*** DATA LISTING Section Begins ***
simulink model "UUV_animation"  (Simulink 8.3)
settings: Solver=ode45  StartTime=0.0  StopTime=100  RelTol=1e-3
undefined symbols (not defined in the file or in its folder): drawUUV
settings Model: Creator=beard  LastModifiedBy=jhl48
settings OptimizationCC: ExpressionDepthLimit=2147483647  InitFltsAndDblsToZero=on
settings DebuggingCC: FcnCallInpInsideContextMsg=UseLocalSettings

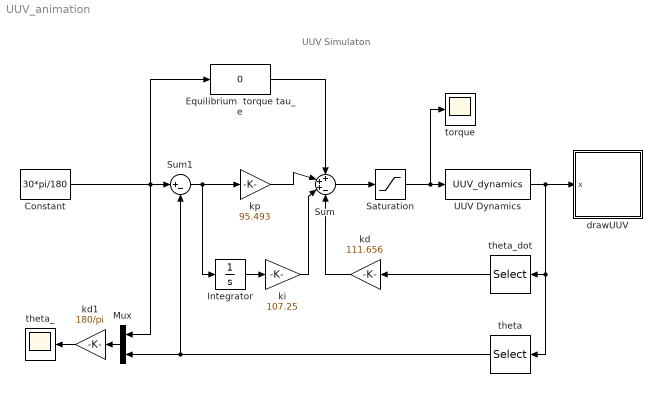
== system UUV_animation ==
  note: UUV Simulaton
  Constant : Constant  Value=30*pi/180
  Equilibrium  torque tau_e : Fcn  Expr=0
  Integrator : Integrator
  Mux : Mux  Inputs=2
  Saturation : Saturate  UpperLimit=50  LowerLimit=-50
  Sum : Sum  Inputs=+++-
  Sum1 : Sum  Inputs=|+-
  UUV Dynamics : S-Function  FunctionName=UUV_dynamics  Parameters=P  EnableBusSupport=off
  drawUUV : Subsystem
      mask init:
      | % drawing parameters
      | L = 1;
      | w = 0.3;
      | 
      | MajorAxis = 10;
      | MinorAxis = 6;
      | C_M = [0;-4];
      mask Display: image(imread('tv.jpg'))
  kd : Gain  Gain=111.656
  kd1 : Gain  Gain=180/pi
  ki : Gain  Gain=107.25
  kp : Gain  Gain=95.493
  theta : Selector  InputPortWidth=2  Indices=[1]
  theta_ : Scope
      settings: TimeRange=100  YMin=0  YMax=2250
  theta_dot : Selector  InputPortWidth=2  Indices=[2]
  torque : Scope
      settings: TimeRange=1000  YMin=-20  YMax=50
  wires:
  UUV Dynamics/1 -> drawUUV/1(x), theta/1, theta_dot/1
  Saturation/1 -> UUV Dynamics/1, torque/1
  Sum/1 -> Saturation/1
  Sum1/1 -> Integrator/1, kp/1
  Constant/1 -> Sum1/1, Equilibrium  torque tau_e/1, Mux/1
  theta_dot/1 -> kd/1
  theta/1 -> Sum1/2, Mux/2
  kd/1 -> Sum/4
  Equilibrium  torque tau_e/1 -> Sum/1
  Mux/1 -> kd1/1
  kd1/1 -> theta_/1
  kp/1 -> Sum/2
  Integrator/1 -> ki/1
  ki/1 -> Sum/3

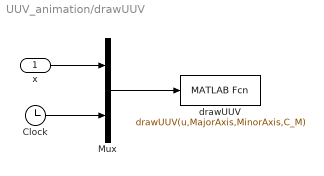
== system UUV_animation/drawUUV ==
  x : Inport
  Clock : Clock
  Mux : Mux  Inputs=2
  "drawUUV " : MATLABFcn  MATLABFcn=drawUUV(u,MajorAxis,MinorAxis,C_M)  OutputDimensions=0  SampleTime=0.1
  wires:
  Mux/1 -> "drawUUV "/1
  x/1 -> Mux/1
  Clock/1 -> Mux/2
*** DATA LISTING Section Ends ***
#### [WHAT IS NEEDED]
Find and copy each line above holding "InputPortWidth".

#### [TASK RESULT]
  theta : Selector  InputPortWidth=2  Indices=[1]
  theta_dot : Selector  InputPortWidth=2  Indices=[2]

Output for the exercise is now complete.